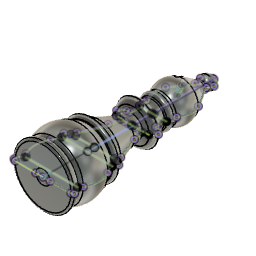
Knight v1 (Autodesk Fusion 360 design; units mm, degrees)
Autodesk Fusion 360 part; units mm, degrees
note: some values were not read from the file. Set by a fixed rule: which sketch regions a step uses.
sketch "SVD" plane through (0, 0, 0) normal (0, 0, 1) x (1, 0, 0)
  line L0 (42.4461, 7.6846) -> (49.4829, 7.6846)
  spline S0 degree 3 poles (49.4829, 7.6846) (49.7483, 7.7788) (49.8565, 7.9987) (49.789, 8.2437) knots 0 0 0 0 1 1 1 1
  spline S1 degree 3 poles (49.789, 8.2437) (49.7202, 8.4932) (49.5062, 8.6292) (49.2093, 8.6265) knots 0 0 0 0 1 1 1 1
  spline S2 degree 3 poles (49.2093, 8.6265) (47.9555, 8.6165) (46.7014, 8.6223) (45.4472, 8.6231) knots 0 0 0 0 1 1 1 1
  spline S3 degree 3 poles (45.4472, 8.6231) (44.5275, 8.6234) (43.6078, 8.6281) (42.6882, 8.626) knots 0 0 0 0 1 1 1 1
  spline S4 degree 3 poles (42.6882, 8.626) (42.345, 8.6249) (42.1675, 8.4217) (42.1669, 8.0995) knots 0 0 0 0 1 1 1 1
  spline S5 degree 3 poles (42.1669, 8.0995) (42.1661, 7.868) (42.2733, 7.7386) (42.4461, 7.6846) knots 0 0 0 0 1 1 1 1
  spline S6 degree 3 poles (48.011, 17.8256) (47.8097, 18.0063) (47.8899, 18.0748) (47.9975, 18.2478) knots 0 0 0 0 1 1 1 1
  spline S7 degree 3 poles (47.9975, 18.2478) (48.5704, 19.1673) (48.7844, 20.1134) (48.2177, 21.1387) knots 0 0 0 0 1 1 1 1
  spline S8 degree 3 poles (48.2177, 21.1387) (47.7271, 22.0261) (47.1752, 22.8698) (46.5693, 23.68) knots 0 0 0 0 1 1 1 1
  spline S9 degree 3 poles (46.5693, 23.68) (46.4799, 23.7991) (46.4315, 23.894) (46.4611, 24.0052) knots 0 0 0 0 1 1 1 1
  spline S10 degree 3 poles (46.4611, 24.0052) (46.6942, 24.1576) (46.8487, 24.4206) (46.8487, 24.7201) knots 0 0 0 0 1 1 1 1
  spline S11 degree 3 poles (46.8487, 24.7201) (46.8487, 25.1918) (46.4667, 25.5741) (45.9947, 25.5741) knots 0 0 0 0 1 1 1 1
  spline S12 degree 3 poles (45.9947, 25.5741) (45.5226, 25.5741) (45.1406, 25.1918) (45.1406, 24.7201) knots 0 0 0 0 1 1 1 1
  spline S13 degree 3 poles (45.1406, 24.7201) (45.1406, 24.4224) (45.2932, 24.1605) (45.524, 24.0078) knots 0 0 0 0 1 1 1 1
  spline S14 degree 3 poles (45.524, 24.0078) (45.5451, 23.8141) (45.4097, 23.658) (45.2816, 23.4808) knots 0 0 0 0 1 1 1 1
  spline S15 degree 3 poles (45.2816, 23.4808) (45.1837, 23.3453) (45.0914, 23.2048) (44.9832, 23.0778) knots 0 0 0 0 1 1 1 1
  spline S16 degree 3 poles (44.9832, 23.0778) (44.7585, 22.8151) (44.7204, 22.5568) (44.8969, 22.2385) knots 0 0 0 0 1 1 1 1
  spline S17 degree 3 poles (44.8969, 22.2385) (45.0914, 21.8864) (45.2379, 21.5067) (45.3983, 21.136) knots 0 0 0 0 1 1 1 1
  spline S18 degree 3 poles (45.3983, 21.136) (45.4335, 21.0548) (45.5031, 20.9384) (45.3697, 20.8849) knots 0 0 0 0 1 1 1 1
  spline S19 degree 3 poles (45.3697, 20.8849) (45.2583, 20.8405) (45.1916, 20.9352) (45.1443, 21.0231) knots 0 0 0 0 1 1 1 1
  spline S20 degree 3 poles (45.1443, 21.0231) (45.1054, 21.0966) (45.0855, 21.1815) (45.0422, 21.2524) knots 0 0 0 0 1 1 1 1
  spline S21 degree 3 poles (45.0422, 21.2524) (44.8429, 21.576) (44.7831, 21.9774) (44.5043, 22.2748) knots 0 0 0 0 1 1 1 1
  spline S22 degree 3 poles (44.5043, 22.2748) (44.3569, 22.0843) (44.2066, 21.9343) (44.1098, 21.7554) knots 0 0 0 0 1 1 1 1
  spline S23 degree 3 poles (44.1098, 21.7554) (43.7999, 21.1821) (43.3594, 20.6741) (43.4147, 19.9367) knots 0 0 0 0 1 1 1 1
  spline S24 degree 3 poles (43.4147, 19.9367) (43.465, 19.2736) (43.6907, 18.7024) (44.051, 18.1671) knots 0 0 0 0 1 1 1 1
  spline S25 degree 3 poles (44.051, 18.1671) (44.1082, 18.0825) (44.1714, 18.0325) (44.0949, 17.9184) knots 0 0 0 0 1 1 1 1
  spline S26 degree 3 poles (44.0949, 17.9184) (43.7608, 17.4205) (43.7682, 17.1919) (44.2555, 17.0363) knots 0 0 0 0 1 1 1 1
  line L1 (44.2555, 17.0363) -> (47.8253, 17.0363)
  spline S27 degree 3 poles (47.8253, 17.0363) (47.8306, 17.0382) (47.8354, 17.0398) (47.8401, 17.0421) knots 0 0 0 0 1 1 1 1
  spline S28 degree 3 poles (47.8401, 17.0421) (48.2052, 17.225) (48.301, 17.5655) (48.011, 17.8256) knots 0 0 0 0 1 1 1 1
  line L2 (42.2132, 2.6485) -> (49.5546, 2.6485)
  spline S29 degree 3 poles (49.5546, 2.6485) (49.739, 2.6877) (49.8623, 2.7954) (49.9653, 3.0041) knots 0 0 0 0 1 1 1 1
  spline S30 degree 3 poles (49.9653, 3.0041) (50.5439, 4.1786) (50.5542, 5.3362) (49.975, 6.5173) knots 0 0 0 0 1 1 1 1
  spline S31 degree 3 poles (49.975, 6.5173) (49.8094, 6.8554) (49.5631, 7.1605) (49.4718, 7.5343) knots 0 0 0 0 1 1 1 1
  line L3 (49.4718, 7.5343) -> (43.2935, 7.5343)
  spline S32 degree 3 poles (43.2935, 7.5343) (43.2663, 7.5314) (43.2401, 7.5314) (43.2139, 7.5343) knots 0 0 0 0 1 1 1 1
  line L4 (43.2139, 7.5343) -> (42.7167, 7.5343)
  spline S33 degree 3 poles (42.7167, 7.5343) (42.3918, 7.4393) (42.209, 7.1345) (42.0055, 6.7781) knots 0 0 0 0 1 1 1 1
  spline S34 degree 3 poles (42.0055, 6.7781) (41.3091, 5.5582) (41.2433, 4.3445) (41.8023, 3.0711) knots 0 0 0 0 1 1 1 1
  spline S35 degree 3 poles (41.8023, 3.0711) (41.8997, 2.8491) (42.0161, 2.6993) (42.2132, 2.6485) knots 0 0 0 0 1 1 1 1
  line L5 (49.6456, 2.4985) -> (44.3741, 2.4985)
  spline S36 degree 3 poles (44.3741, 2.4985) (44.2294, 2.4861) (44.0804, 2.4776) (43.9312, 2.4985) knots 0 0 0 0 1 1 1 1
  line L6 (43.9312, 2.4985) -> (42.2765, 2.4985)
  spline S37 degree 3 poles (42.2765, 2.4985) (41.8447, 2.4379) (41.674, 2.2458) (41.6206, 1.7593) knots 0 0 0 0 1 1 1 1
  spline S38 degree 3 poles (41.6206, 1.7593) (41.5907, 1.483) (41.6558, 1.3642) (41.9772, 1.3669) knots 0 0 0 0 1 1 1 1
  spline S39 degree 3 poles (41.9772, 1.3669) (43.6153, 1.3812) (45.2541, 1.3661) (46.8927, 1.365) knots 0 0 0 0 1 1 1 1
  spline S40 degree 3 poles (46.8927, 1.365) (47.8798, 1.364) (48.8678, 1.3685) (49.8547, 1.3727) knots 0 0 0 0 1 1 1 1
  spline S41 degree 3 poles (49.8547, 1.3727) (49.9856, 1.373) (50.1304, 1.3277) (50.1724, 1.5418) knots 0 0 0 0 1 1 1 1
  spline S42 degree 3 poles (50.1724, 1.5418) (50.2499, 1.9365) (50.0057, 2.3755) (49.6456, 2.4985) knots 0 0 0 0 1 1 1 1
  spline S43 degree 3 poles (48.9982, 9.3049) (48.4987, 10.3323) (48.073, 11.3838) (47.7568, 12.4876) knots 0 0 0 0 1 1 1 1
  spline S44 degree 3 poles (47.7568, 12.4876) (47.6187, 12.9694) (47.6179, 13.4753) (47.4414, 13.9791) knots 0 0 0 0 1 1 1 1
  line L7 (47.4414, 13.9791) -> (46.9191, 13.9791)
  spline S45 degree 3 poles (46.9191, 13.9791) (46.7127, 13.9719) (46.5061, 13.9732) (46.2997, 13.9791) knots 0 0 0 0 1 1 1 1
  line L8 (46.2997, 13.9791) -> (45.3872, 13.9791)
  spline S46 degree 3 poles (45.3872, 13.9791) (45.2374, 13.9574) (45.0842, 13.9706) (44.9323, 13.9791) knots 0 0 0 0 1 1 1 1
  line L9 (44.9323, 13.9791) -> (44.708, 13.9791)
  spline S47 degree 3 poles (44.708, 13.9791) (44.5519, 13.9603) (44.4712, 13.8796) (44.4601, 13.6594) knots 0 0 0 0 1 1 1 1
  spline S48 degree 3 poles (44.4601, 13.6594) (44.4373, 13.2141) (44.3399, 12.7757) (44.2111, 12.3474) knots 0 0 0 0 1 1 1 1
  spline S49 degree 3 poles (44.2111, 12.3474) (43.8753, 11.2284) (43.4475, 10.145) (42.9247, 9.0996) knots 0 0 0 0 1 1 1 1
  spline S50 degree 3 poles (42.9247, 9.0996) (42.8326, 8.9152) (42.754, 8.7292) (43.0562, 8.7197) knots 0 0 0 0 1 1 1 1
  spline S51 degree 3 poles (43.0562, 8.7197) (43.6221, 8.7022) (44.1889, 8.717) (44.7553, 8.7199) knots 0 0 0 0 1 1 1 1
  spline S52 degree 3 poles (44.7553, 8.7199) (46.0441, 8.7273) (47.3329, 8.748) (48.6212, 8.7379) knots 0 0 0 0 1 1 1 1
  spline S53 degree 3 poles (48.6212, 8.7379) (49.2374, 8.7332) (49.2668, 8.7527) (48.9982, 9.3049) knots 0 0 0 0 1 1 1 1
  line L10 (43.8282, 14.1296) -> (43.9161, 14.1296)
  line L11 (43.9161, 14.1296) -> (44.2016, 14.1296)
  line L12 (44.2016, 14.1296) -> (45.5512, 14.1296)
  line L13 (45.5512, 14.1296) -> (47.3837, 14.1296)
  line L14 (47.3837, 14.1296) -> (47.9018, 14.1296)
  line L15 (47.9018, 14.1296) -> (48.155, 14.1296)
  line L16 (48.155, 14.1296) -> (48.1999, 14.1296)
  spline S54 degree 3 poles (48.1999, 14.1296) (48.2063, 14.1304) (48.2119, 14.132) (48.2179, 14.1328) knots 0 0 0 0 1 1 1 1
  spline S55 degree 3 poles (48.2179, 14.1328) (48.5696, 14.1648) (48.8447, 14.4598) (48.8447, 14.8199) knots 0 0 0 0 1 1 1 1
  spline S56 degree 3 poles (48.8447, 14.8199) (48.8447, 15.2009) (48.536, 15.5099) (48.155, 15.5099) knots 0 0 0 0 1 1 1 1
  line L17 (48.155, 15.5099) -> (47.739, 15.5099)
  spline S57 degree 3 poles (47.739, 15.5099) (47.7277, 15.5393) (47.72, 15.5763) (47.7166, 15.6234) knots 0 0 0 0 1 1 1 1
  spline S58 degree 3 poles (47.7166, 15.6234) (47.6856, 16.0444) (47.8036, 16.4677) (47.6848, 16.8866) knots 0 0 0 0 1 1 1 1
  line L18 (47.6848, 16.8866) -> (44.3683, 16.8866)
  spline S59 degree 3 poles (44.3683, 16.8866) (44.2558, 16.8117) (44.2624, 16.6937) (44.2632, 16.5791) knots 0 0 0 0 1 1 1 1
  spline S60 degree 3 poles (44.2632, 16.5791) (44.2645, 16.3569) (44.2674, 16.1343) (44.2674, 15.9121) knots 0 0 0 0 1 1 1 1
  spline S61 degree 3 poles (44.2674, 15.9121) (44.2672, 15.7557) (44.268, 15.6118) (44.1957, 15.5097) knots 0 0 0 0 1 1 1 1
  line L19 (44.1957, 15.5097) -> (43.8288, 15.5097)
  spline S62 degree 3 poles (43.8288, 15.5097) (43.4472, 15.5097) (43.1385, 15.2009) (43.1385, 14.8196) knots 0 0 0 0 1 1 1 1
  spline S63 degree 3 poles (43.1385, 14.8196) (43.1385, 14.4384) (43.4464, 14.1296) (43.8282, 14.1296) knots 0 0 0 0 1 1 1 1
  line L20 (45.8839, 2.6485) -> (45.8839, 7.5343)
  line L21 (45.8839, 2.4985) -> (45.8839, 1.3671)
  line L22 (46.0265, 16.8866) -> (46.0265, 14.1296)
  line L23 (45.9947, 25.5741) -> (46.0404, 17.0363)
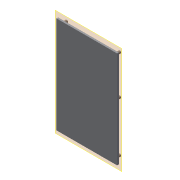
# Autodesk Inventor part: 200_Gearbox_conterplate
Saved by Autodesk Inventor 2019 (Build 230136000, 136)
## iProperties
Created: 2019-07-08
Part Number: 200_Gearbox_conterplate
Material: Generic
Document SubType Name: Modeling
Designer: diederichbenedict
Density: 1 g/cm^3
Appearance: Default
Author: diederichbenedict
Autodesk Inventor part; units mm, degrees
ref_plane "YZ Plane" through (0, 0, 0) normal (1, 0, 0) x (0, 1, 0)
ref_plane "XZ Plane" through (0, 0, 0) normal (0, 1, 0) x (-1, 0, 0)
ref_plane "XY Plane" through (0, 0, 0) normal (0, 0, 1) x (1, 0, 0)
ref_plane "Work Plane1" through (0, 0, 0) normal (0, 0, 1) x (1, 0, 0)
sketch "Sketch1" plane through (0, 0, 0) normal (0, 0, 1) x (1, 0, 0)
  circle A0 centre (-12.2447, -18.3325) radius 0.75 projected
  circle A1 centre (12.2447, 22.8412) radius 0.75 projected
  circle A2 centre (12.2447, 4.8925) radius 0.75 projected
  circle A3 centre (-12.2447, 4.8925) radius 0.75 projected
  circle A4 centre (12.2447, -18.3325) radius 0.75 projected
  circle A5 centre (-12.2447, 22.8412) radius 0.75 projected
  line L0 (-14, -20.0878) -> (14, -20.0878) projected
  line L1 (14, -20.0878) -> (14, 24.5965) projected
  line L2 (14, 24.5965) -> (8.6716, 24.5965) projected
  arc A6 (7.3084, 6.3656) -> (8.6716, 24.5965) centre (0, 16.0785) ccw projected
  line L3 (7.3084, 6.3656) -> (7.3084, 3.43) projected
  arc A7 (-7.3084, 3.43) -> (7.3084, 3.43) centre (0, -6.0878) ccw projected
  line L4 (-7.3084, 3.43) -> (-7.3084, 6.3656) projected
  arc A8 (-8.6716, 24.5965) -> (-7.3084, 6.3656) centre (0, 16.0785) ccw projected
  line L5 (-8.6716, 24.5965) -> (-14, 24.5965) projected
  line L6 (-14, 24.5965) -> (-14, -20.0878) projected
  line L7 (8.6716, 24.5965) -> (-8.6716, 24.5965)
  point P0 (0, 0)
  constraints: 2 end point, 1 horizontal
extrude "Extrusion1" add sketch "Sketch1" along normal blind 0.8 contours A0 | A1 | A2 | A3 | A4 | A5 | L6 L5 A8 L4 A7 L3 A6 L2 L1 L0 | L7 A6 L3 A7 L4 A8
sketch "Sketch2" plane through (0, 0, 0.8) normal (0, 0, 1) x (1, 0, 0)
  circle A0 centre (-12.2447, -18.3325) radius 0.75 construction
  circle A1 centre (12.2447, 22.8412) radius 0.75 construction
  circle A2 centre (12.2447, 4.8925) radius 0.75 construction
  circle A3 centre (-12.2447, 4.8925) radius 0.75 construction
  circle A4 centre (12.2447, -18.3325) radius 0.75 construction
  circle A5 centre (-12.2447, 22.8412) radius 0.75 construction
  circle A6 centre (0, -6.0878) radius 9.5 construction
  line L0 (14, -20.0878) -> (-14, -20.0878) construction
  line L1 (-14, -20.0878) -> (-14, 24.5965) construction
  line L2 (-14, 24.5965) -> (14, 24.5965) construction
  line L3 (14, 24.5965) -> (14, -20.0878) construction
  circle A7 centre (-12.2447, 22.8412) radius 0.6
  circle A8 centre (-12.2447, 4.8925) radius 0.6
  circle A9 centre (-12.2447, -18.3325) radius 0.6
  circle A10 centre (12.2447, -18.3325) radius 0.6
  circle A11 centre (12.2447, 4.8925) radius 0.6
  circle A12 centre (12.2447, 22.8412) radius 0.6
  dimension "a1" = 1.2
  dimension "d3" = 1.2
  dimension "d4" = 1.2
  dimension "d5" = 1.2
  dimension "d6" = 1.2
  dimension "d7" = 1.2
  constraints: 6 centre point, 6 coincident
  measures "a1" diameter of A7
  measures "d3" diameter of A8
  measures "d4" diameter of A9
  measures "d5" diameter of A10
  measures "d6" diameter of A11
  measures "d7" diameter of A12
extrude "Extrusion2" add sketch "Sketch2" against normal blind 3
equation "\"d3\" = a1"
equation "\"d4\" = a1"
equation "\"d5\" = a1"
equation "\"d6\" = a1"
equation "\"d7\" = a1"
body "Solid1"
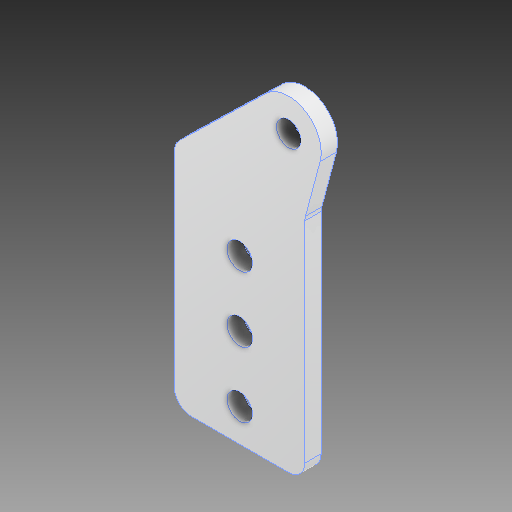
# Autodesk Inventor part: Top Bearing Plate (R4 - 0.25in Between Stages)
Saved by Autodesk Inventor 2022 (Build 260153000, 153)
## iProperties
Created: 2020-09-04
Part Number: Top Bearing Plate (R4 - 0.25in Between Stages)
Material: Aluminum 6061
Document SubType Name: Modeling
Density: 2.7 g/cm^3
Appearance: Aluminum - Flat
Mass: 10.4225 g
Surface Area: 31.0908 cm^2
Volume: 3.86019 cm^3
Autodesk Inventor part; units mm, degrees
ref_plane "YZ Plane" through (0, 0, 0) normal (1, 0, 0) x (0, 1, 0)
ref_plane "XZ Plane" through (0, 0, 0) normal (0, 1, 0) x (-1, 0, 0)
ref_plane "XY Plane" through (0, 0, 0) normal (0, 0, 1) x (1, 0, 0)
sketch "Sketch1" plane through (0, 0, 0) normal (0, 0, 1) x (1, 0, 0)
  arc A0 (6.1342, -1.6415) -> (-4.4197, 4.5595) centre (0, 0) ccw
  circle A1 centre (0, 0) radius 9.525 construction
  line L0 (3.175, -12.7) -> (-22.225, -12.7)
  line L1 (-22.225, -12.7) -> (-22.225, -63.5)
  line L2 (-22.225, -63.5) -> (3.175, -63.5)
  line L3 (3.175, -63.5) -> (3.175, -12.7)
  line L4 (3.175, -12.7) -> (-22.225, -63.5) construction
  line L5 (-22.225, -12.7) -> (3.175, -63.5) construction
  line L6 (9.525, 7.0623) -> (9.525, -12.9681) construction
  circle A2 centre (-9.525, -25.4) radius 2.4892
  circle A3 centre (-9.525, -38.1) radius 2.4892
  circle A4 centre (-9.525, -50.8) radius 2.4892
  circle A5 centre (0, 0) radius 2.3813
  line L7 (3.175, -12.7) -> (6.1342, -1.6415)
  line L8 (-4.4197, 4.5595) -> (-22.225, -12.7)
  line L9 (3.175, -63.5) -> (-22.225, -63.5)
  line L10 (-22.225, -63.5) -> (-22.225, -57.15)
  line L11 (-22.225, -57.15) -> (3.175, -57.15)
  line L12 (3.175, -57.15) -> (3.175, -63.5)
  line L13 (-22.225, -63.5) -> (-13.843, -63.5)
  line L14 (-13.843, -63.5) -> (-13.843, -44.45)
  line L15 (-13.843, -44.45) -> (-22.225, -44.45)
  line L16 (-22.225, -44.45) -> (-22.225, -63.5)
  point P0 (-13.843, -57.15)
  point P1 (3.175, -57.15)
  dimension "d0" = 12.7
  dimension "d1" = 19.05
  dimension "d2" = 25.4
  dimension "d4" = 6.35
  dimension "d5" = 4.9784
  dimension "d8" = 12.7
  dimension "d13" = 4.7625
  dimension "d17" = 3.175
  dimension "d18" = 12.7
  dimension "d19" = 6.35
  dimension "d20" = 8.382
  dimension "d21" = 19.05
  constraints: 34 end point, 6 centre point, 6 parallel, 4 coincident, 3 horizontal, 3 perpendicular, 3 tangent, 2 midpoint, 2 point on circle, 2 vertical, 1 point on line, 4 other
  measures "d0" diameter of A0
  measures "d1" diameter of A1
  measures "d2" distance between parallel lines of L3 L1
  measures "d4" distance between parallel lines of L3 L6
  measures "d5" diameter of A2
  measures "d8" distance of A2.centre A3.centre
  measures "d13" diameter of A5
  measures "d17" distance edge to line of A1 L0
  measures "d18" distance from line of L0 A2.centre
  measures "d19" distance between parallel lines of L9 L11
  measures "d20" distance of L15.end L14.end
  measures "d21" distance between parallel lines of L9 L15
extrude "Extrusion1" add sketch "Sketch1" along normal blind 3.175 contours L7 L0 L8 A0 | L3 L11 L14 L15 L1 L0 | L15 L14 L11 L1
fillet "Fillet1" radius 3.175 4 edges at (3.175, -12.7, 1.5875) (-22.225, -12.7, 1.5875) (3.175, -57.15, 1.5875) (-22.225, -57.15, 1.5875)
body "Solid1"
══════════════════════════════
Task → When the line with "spline S10 degree" is reached in the data above, start copying there, and copy each line exactly until the line with "spline S26 degree" has been copied; copy nothing else.

Output of the task →
  spline S10 degree 3 poles (46.4611, 24.0052) (46.6942, 24.1576) (46.8487, 24.4206) (46.8487, 24.7201) knots 0 0 0 0 1 1 1 1
  spline S11 degree 3 poles (46.8487, 24.7201) (46.8487, 25.1918) (46.4667, 25.5741) (45.9947, 25.5741) knots 0 0 0 0 1 1 1 1
  spline S12 degree 3 poles (45.9947, 25.5741) (45.5226, 25.5741) (45.1406, 25.1918) (45.1406, 24.7201) knots 0 0 0 0 1 1 1 1
  spline S13 degree 3 poles (45.1406, 24.7201) (45.1406, 24.4224) (45.2932, 24.1605) (45.524, 24.0078) knots 0 0 0 0 1 1 1 1
  spline S14 degree 3 poles (45.524, 24.0078) (45.5451, 23.8141) (45.4097, 23.658) (45.2816, 23.4808) knots 0 0 0 0 1 1 1 1
  spline S15 degree 3 poles (45.2816, 23.4808) (45.1837, 23.3453) (45.0914, 23.2048) (44.9832, 23.0778) knots 0 0 0 0 1 1 1 1
  spline S16 degree 3 poles (44.9832, 23.0778) (44.7585, 22.8151) (44.7204, 22.5568) (44.8969, 22.2385) knots 0 0 0 0 1 1 1 1
  spline S17 degree 3 poles (44.8969, 22.2385) (45.0914, 21.8864) (45.2379, 21.5067) (45.3983, 21.136) knots 0 0 0 0 1 1 1 1
  spline S18 degree 3 poles (45.3983, 21.136) (45.4335, 21.0548) (45.5031, 20.9384) (45.3697, 20.8849) knots 0 0 0 0 1 1 1 1
  spline S19 degree 3 poles (45.3697, 20.8849) (45.2583, 20.8405) (45.1916, 20.9352) (45.1443, 21.0231) knots 0 0 0 0 1 1 1 1
  spline S20 degree 3 poles (45.1443, 21.0231) (45.1054, 21.0966) (45.0855, 21.1815) (45.0422, 21.2524) knots 0 0 0 0 1 1 1 1
  spline S21 degree 3 poles (45.0422, 21.2524) (44.8429, 21.576) (44.7831, 21.9774) (44.5043, 22.2748) knots 0 0 0 0 1 1 1 1
  spline S22 degree 3 poles (44.5043, 22.2748) (44.3569, 22.0843) (44.2066, 21.9343) (44.1098, 21.7554) knots 0 0 0 0 1 1 1 1
  spline S23 degree 3 poles (44.1098, 21.7554) (43.7999, 21.1821) (43.3594, 20.6741) (43.4147, 19.9367) knots 0 0 0 0 1 1 1 1
  spline S24 degree 3 poles (43.4147, 19.9367) (43.465, 19.2736) (43.6907, 18.7024) (44.051, 18.1671) knots 0 0 0 0 1 1 1 1
  spline S25 degree 3 poles (44.051, 18.1671) (44.1082, 18.0825) (44.1714, 18.0325) (44.0949, 17.9184) knots 0 0 0 0 1 1 1 1
  spline S26 degree 3 poles (44.0949, 17.9184) (43.7608, 17.4205) (43.7682, 17.1919) (44.2555, 17.0363) knots 0 0 0 0 1 1 1 1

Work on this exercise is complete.